Problem description: Begin at the line containing "93.7l.6-.6 1.3-.1a2.83 2.83" in the data below and go on through the line containing "191.9l3.7 1.3a1.71 1.71", repeating each line exactly; include both ends and no other line.

Data:
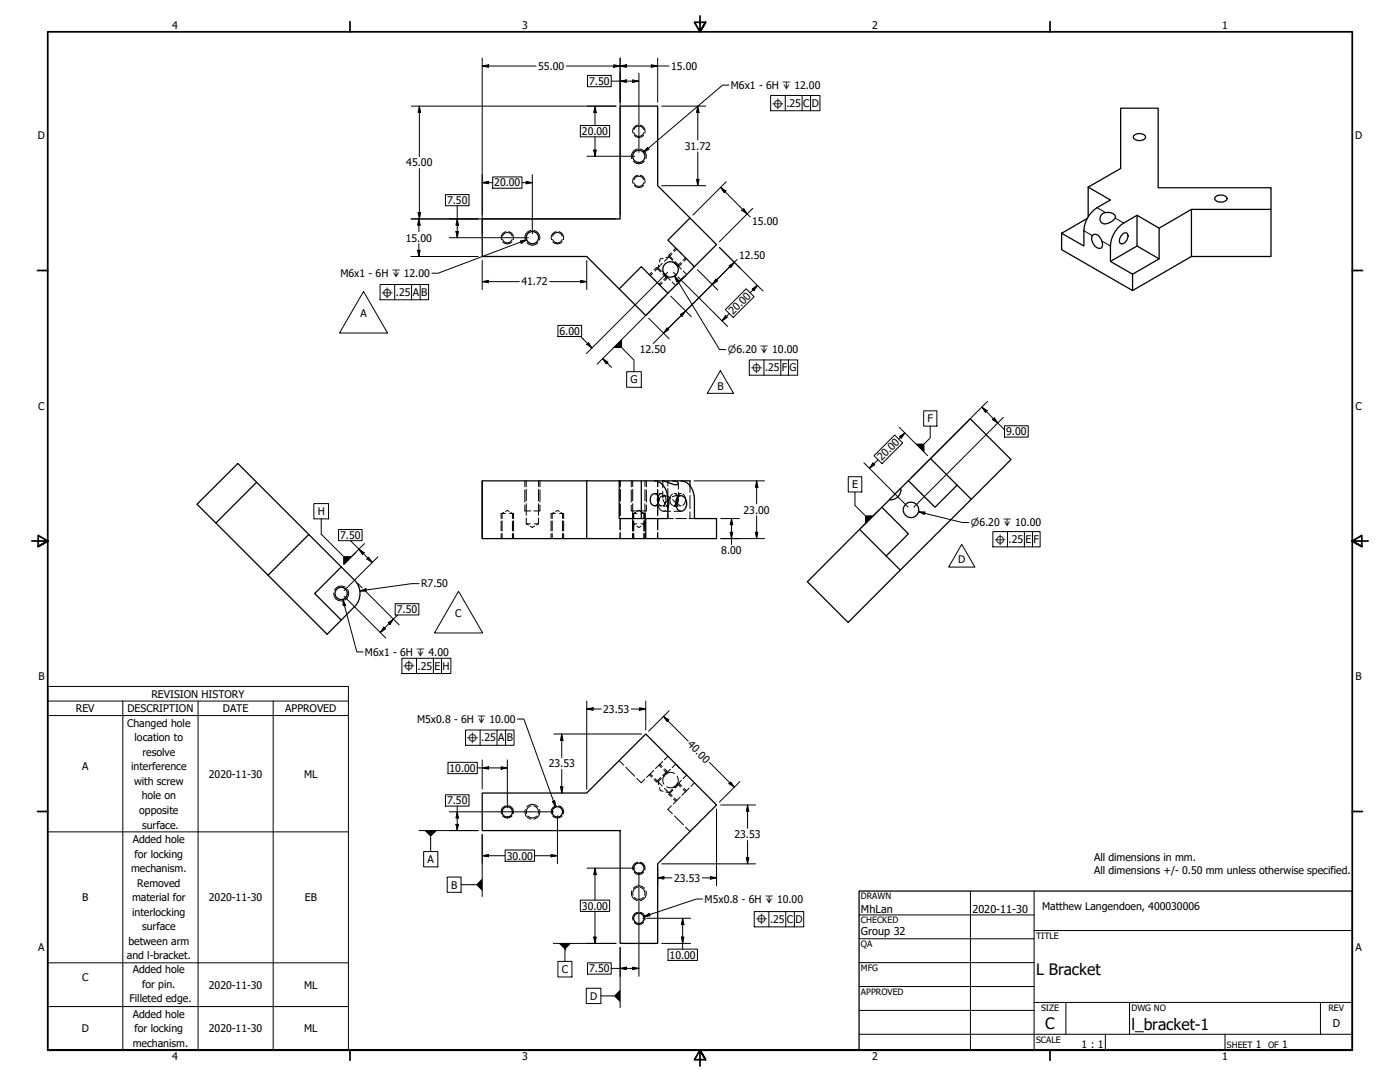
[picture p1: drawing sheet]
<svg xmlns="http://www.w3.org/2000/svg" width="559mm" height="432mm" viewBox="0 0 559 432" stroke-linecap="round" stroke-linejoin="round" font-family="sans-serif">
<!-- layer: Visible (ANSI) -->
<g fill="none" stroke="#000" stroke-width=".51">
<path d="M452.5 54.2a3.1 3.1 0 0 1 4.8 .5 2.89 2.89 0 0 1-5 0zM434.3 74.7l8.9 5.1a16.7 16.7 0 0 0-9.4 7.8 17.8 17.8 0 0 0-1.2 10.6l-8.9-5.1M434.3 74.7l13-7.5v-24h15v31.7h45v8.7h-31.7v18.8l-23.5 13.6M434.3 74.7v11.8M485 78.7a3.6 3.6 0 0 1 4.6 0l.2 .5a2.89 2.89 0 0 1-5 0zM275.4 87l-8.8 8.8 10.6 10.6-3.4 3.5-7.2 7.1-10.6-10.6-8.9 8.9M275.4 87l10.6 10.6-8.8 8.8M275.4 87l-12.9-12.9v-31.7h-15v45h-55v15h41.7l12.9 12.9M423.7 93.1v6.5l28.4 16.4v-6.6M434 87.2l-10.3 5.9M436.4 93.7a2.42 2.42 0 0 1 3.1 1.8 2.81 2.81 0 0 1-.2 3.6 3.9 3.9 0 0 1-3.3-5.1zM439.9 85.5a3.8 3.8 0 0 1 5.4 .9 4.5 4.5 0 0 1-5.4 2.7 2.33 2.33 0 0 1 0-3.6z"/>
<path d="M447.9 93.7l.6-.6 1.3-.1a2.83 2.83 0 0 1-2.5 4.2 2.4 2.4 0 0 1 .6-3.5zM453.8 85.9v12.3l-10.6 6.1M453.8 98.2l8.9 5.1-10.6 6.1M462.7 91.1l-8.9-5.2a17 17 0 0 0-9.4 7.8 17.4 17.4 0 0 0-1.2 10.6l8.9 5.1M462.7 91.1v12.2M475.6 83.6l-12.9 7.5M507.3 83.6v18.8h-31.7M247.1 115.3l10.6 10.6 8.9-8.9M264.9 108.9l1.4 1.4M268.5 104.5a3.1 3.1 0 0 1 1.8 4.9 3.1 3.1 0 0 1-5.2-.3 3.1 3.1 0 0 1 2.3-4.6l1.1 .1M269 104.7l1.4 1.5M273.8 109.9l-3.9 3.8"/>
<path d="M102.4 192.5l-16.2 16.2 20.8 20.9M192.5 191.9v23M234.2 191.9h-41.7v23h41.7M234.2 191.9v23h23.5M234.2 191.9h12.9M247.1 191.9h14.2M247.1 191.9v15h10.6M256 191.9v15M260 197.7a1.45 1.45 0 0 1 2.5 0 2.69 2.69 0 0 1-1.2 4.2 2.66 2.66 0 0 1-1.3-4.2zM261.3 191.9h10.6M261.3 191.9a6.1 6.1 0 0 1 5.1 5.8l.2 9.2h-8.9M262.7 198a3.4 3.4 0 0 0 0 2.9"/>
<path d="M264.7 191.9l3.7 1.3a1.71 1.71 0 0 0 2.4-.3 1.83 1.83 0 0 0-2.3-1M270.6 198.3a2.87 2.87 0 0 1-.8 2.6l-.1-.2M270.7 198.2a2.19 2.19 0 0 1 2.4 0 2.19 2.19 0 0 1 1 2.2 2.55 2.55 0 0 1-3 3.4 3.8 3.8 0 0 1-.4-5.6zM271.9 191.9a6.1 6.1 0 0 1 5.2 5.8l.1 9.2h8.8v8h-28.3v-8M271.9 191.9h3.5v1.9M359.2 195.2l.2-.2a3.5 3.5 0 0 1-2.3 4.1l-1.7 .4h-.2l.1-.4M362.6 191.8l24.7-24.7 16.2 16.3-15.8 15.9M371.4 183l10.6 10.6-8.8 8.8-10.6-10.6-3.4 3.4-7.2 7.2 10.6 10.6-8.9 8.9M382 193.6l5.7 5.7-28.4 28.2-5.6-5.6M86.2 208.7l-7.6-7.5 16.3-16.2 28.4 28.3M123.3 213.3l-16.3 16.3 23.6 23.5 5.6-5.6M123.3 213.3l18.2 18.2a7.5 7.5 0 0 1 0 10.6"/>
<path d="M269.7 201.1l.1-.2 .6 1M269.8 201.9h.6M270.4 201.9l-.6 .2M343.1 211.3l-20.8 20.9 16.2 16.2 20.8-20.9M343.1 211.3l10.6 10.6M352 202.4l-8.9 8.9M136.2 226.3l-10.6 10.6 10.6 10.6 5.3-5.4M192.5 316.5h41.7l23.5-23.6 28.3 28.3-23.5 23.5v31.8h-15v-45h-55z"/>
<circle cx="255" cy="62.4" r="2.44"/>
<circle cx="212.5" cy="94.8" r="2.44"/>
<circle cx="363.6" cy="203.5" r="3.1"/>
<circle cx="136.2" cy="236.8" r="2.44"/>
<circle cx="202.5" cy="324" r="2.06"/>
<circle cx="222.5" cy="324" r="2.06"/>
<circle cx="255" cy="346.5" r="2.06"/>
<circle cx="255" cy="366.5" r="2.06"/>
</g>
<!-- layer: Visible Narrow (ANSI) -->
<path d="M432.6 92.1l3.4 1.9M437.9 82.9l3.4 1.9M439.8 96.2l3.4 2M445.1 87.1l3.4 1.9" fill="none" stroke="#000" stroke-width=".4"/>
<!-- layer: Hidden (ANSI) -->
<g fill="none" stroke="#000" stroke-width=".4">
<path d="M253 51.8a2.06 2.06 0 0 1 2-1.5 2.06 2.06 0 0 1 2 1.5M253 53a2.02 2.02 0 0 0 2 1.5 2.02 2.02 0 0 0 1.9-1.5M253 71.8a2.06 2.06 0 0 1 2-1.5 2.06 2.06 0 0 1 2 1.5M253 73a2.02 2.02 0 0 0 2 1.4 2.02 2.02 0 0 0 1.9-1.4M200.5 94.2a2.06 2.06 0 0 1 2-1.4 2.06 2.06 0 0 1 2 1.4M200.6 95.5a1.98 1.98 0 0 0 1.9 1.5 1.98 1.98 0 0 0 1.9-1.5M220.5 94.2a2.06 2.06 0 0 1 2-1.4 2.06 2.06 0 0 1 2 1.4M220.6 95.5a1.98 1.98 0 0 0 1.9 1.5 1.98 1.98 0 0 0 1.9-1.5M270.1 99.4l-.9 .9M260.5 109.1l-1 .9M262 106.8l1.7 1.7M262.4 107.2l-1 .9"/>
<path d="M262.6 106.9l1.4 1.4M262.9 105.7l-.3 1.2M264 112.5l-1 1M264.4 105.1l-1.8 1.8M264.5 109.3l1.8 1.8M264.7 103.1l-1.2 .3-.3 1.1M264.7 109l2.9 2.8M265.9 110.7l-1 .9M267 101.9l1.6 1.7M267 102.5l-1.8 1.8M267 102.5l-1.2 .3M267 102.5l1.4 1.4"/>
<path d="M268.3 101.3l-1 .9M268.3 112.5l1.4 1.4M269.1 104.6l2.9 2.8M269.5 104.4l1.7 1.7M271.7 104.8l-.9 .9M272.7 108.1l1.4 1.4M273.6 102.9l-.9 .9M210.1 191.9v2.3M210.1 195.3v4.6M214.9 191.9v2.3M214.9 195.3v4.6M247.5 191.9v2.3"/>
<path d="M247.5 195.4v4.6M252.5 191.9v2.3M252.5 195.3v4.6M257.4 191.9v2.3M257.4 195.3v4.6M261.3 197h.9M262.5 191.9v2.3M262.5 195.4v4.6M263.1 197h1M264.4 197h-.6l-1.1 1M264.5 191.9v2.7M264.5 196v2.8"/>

Written answer:
<path d="M447.9 93.7l.6-.6 1.3-.1a2.83 2.83 0 0 1-2.5 4.2 2.4 2.4 0 0 1 .6-3.5zM453.8 85.9v12.3l-10.6 6.1M453.8 98.2l8.9 5.1-10.6 6.1M462.7 91.1l-8.9-5.2a17 17 0 0 0-9.4 7.8 17.4 17.4 0 0 0-1.2 10.6l8.9 5.1M462.7 91.1v12.2M475.6 83.6l-12.9 7.5M507.3 83.6v18.8h-31.7M247.1 115.3l10.6 10.6 8.9-8.9M264.9 108.9l1.4 1.4M268.5 104.5a3.1 3.1 0 0 1 1.8 4.9 3.1 3.1 0 0 1-5.2-.3 3.1 3.1 0 0 1 2.3-4.6l1.1 .1M269 104.7l1.4 1.5M273.8 109.9l-3.9 3.8"/>
<path d="M102.4 192.5l-16.2 16.2 20.8 20.9M192.5 191.9v23M234.2 191.9h-41.7v23h41.7M234.2 191.9v23h23.5M234.2 191.9h12.9M247.1 191.9h14.2M247.1 191.9v15h10.6M256 191.9v15M260 197.7a1.45 1.45 0 0 1 2.5 0 2.69 2.69 0 0 1-1.2 4.2 2.66 2.66 0 0 1-1.3-4.2zM261.3 191.9h10.6M261.3 191.9a6.1 6.1 0 0 1 5.1 5.8l.2 9.2h-8.9M262.7 198a3.4 3.4 0 0 0 0 2.9"/>
<path d="M264.7 191.9l3.7 1.3a1.71 1.71 0 0 0 2.4-.3 1.83 1.83 0 0 0-2.3-1M270.6 198.3a2.87 2.87 0 0 1-.8 2.6l-.1-.2M270.7 198.2a2.19 2.19 0 0 1 2.4 0 2.19 2.19 0 0 1 1 2.2 2.55 2.55 0 0 1-3 3.4 3.8 3.8 0 0 1-.4-5.6zM271.9 191.9a6.1 6.1 0 0 1 5.2 5.8l.1 9.2h8.8v8h-28.3v-8M271.9 191.9h3.5v1.9M359.2 195.2l.2-.2a3.5 3.5 0 0 1-2.3 4.1l-1.7 .4h-.2l.1-.4M362.6 191.8l24.7-24.7 16.2 16.3-15.8 15.9M371.4 183l10.6 10.6-8.8 8.8-10.6-10.6-3.4 3.4-7.2 7.2 10.6 10.6-8.9 8.9M382 193.6l5.7 5.7-28.4 28.2-5.6-5.6M86.2 208.7l-7.6-7.5 16.3-16.2 28.4 28.3M123.3 213.3l-16.3 16.3 23.6 23.5 5.6-5.6M123.3 213.3l18.2 18.2a7.5 7.5 0 0 1 0 10.6"/>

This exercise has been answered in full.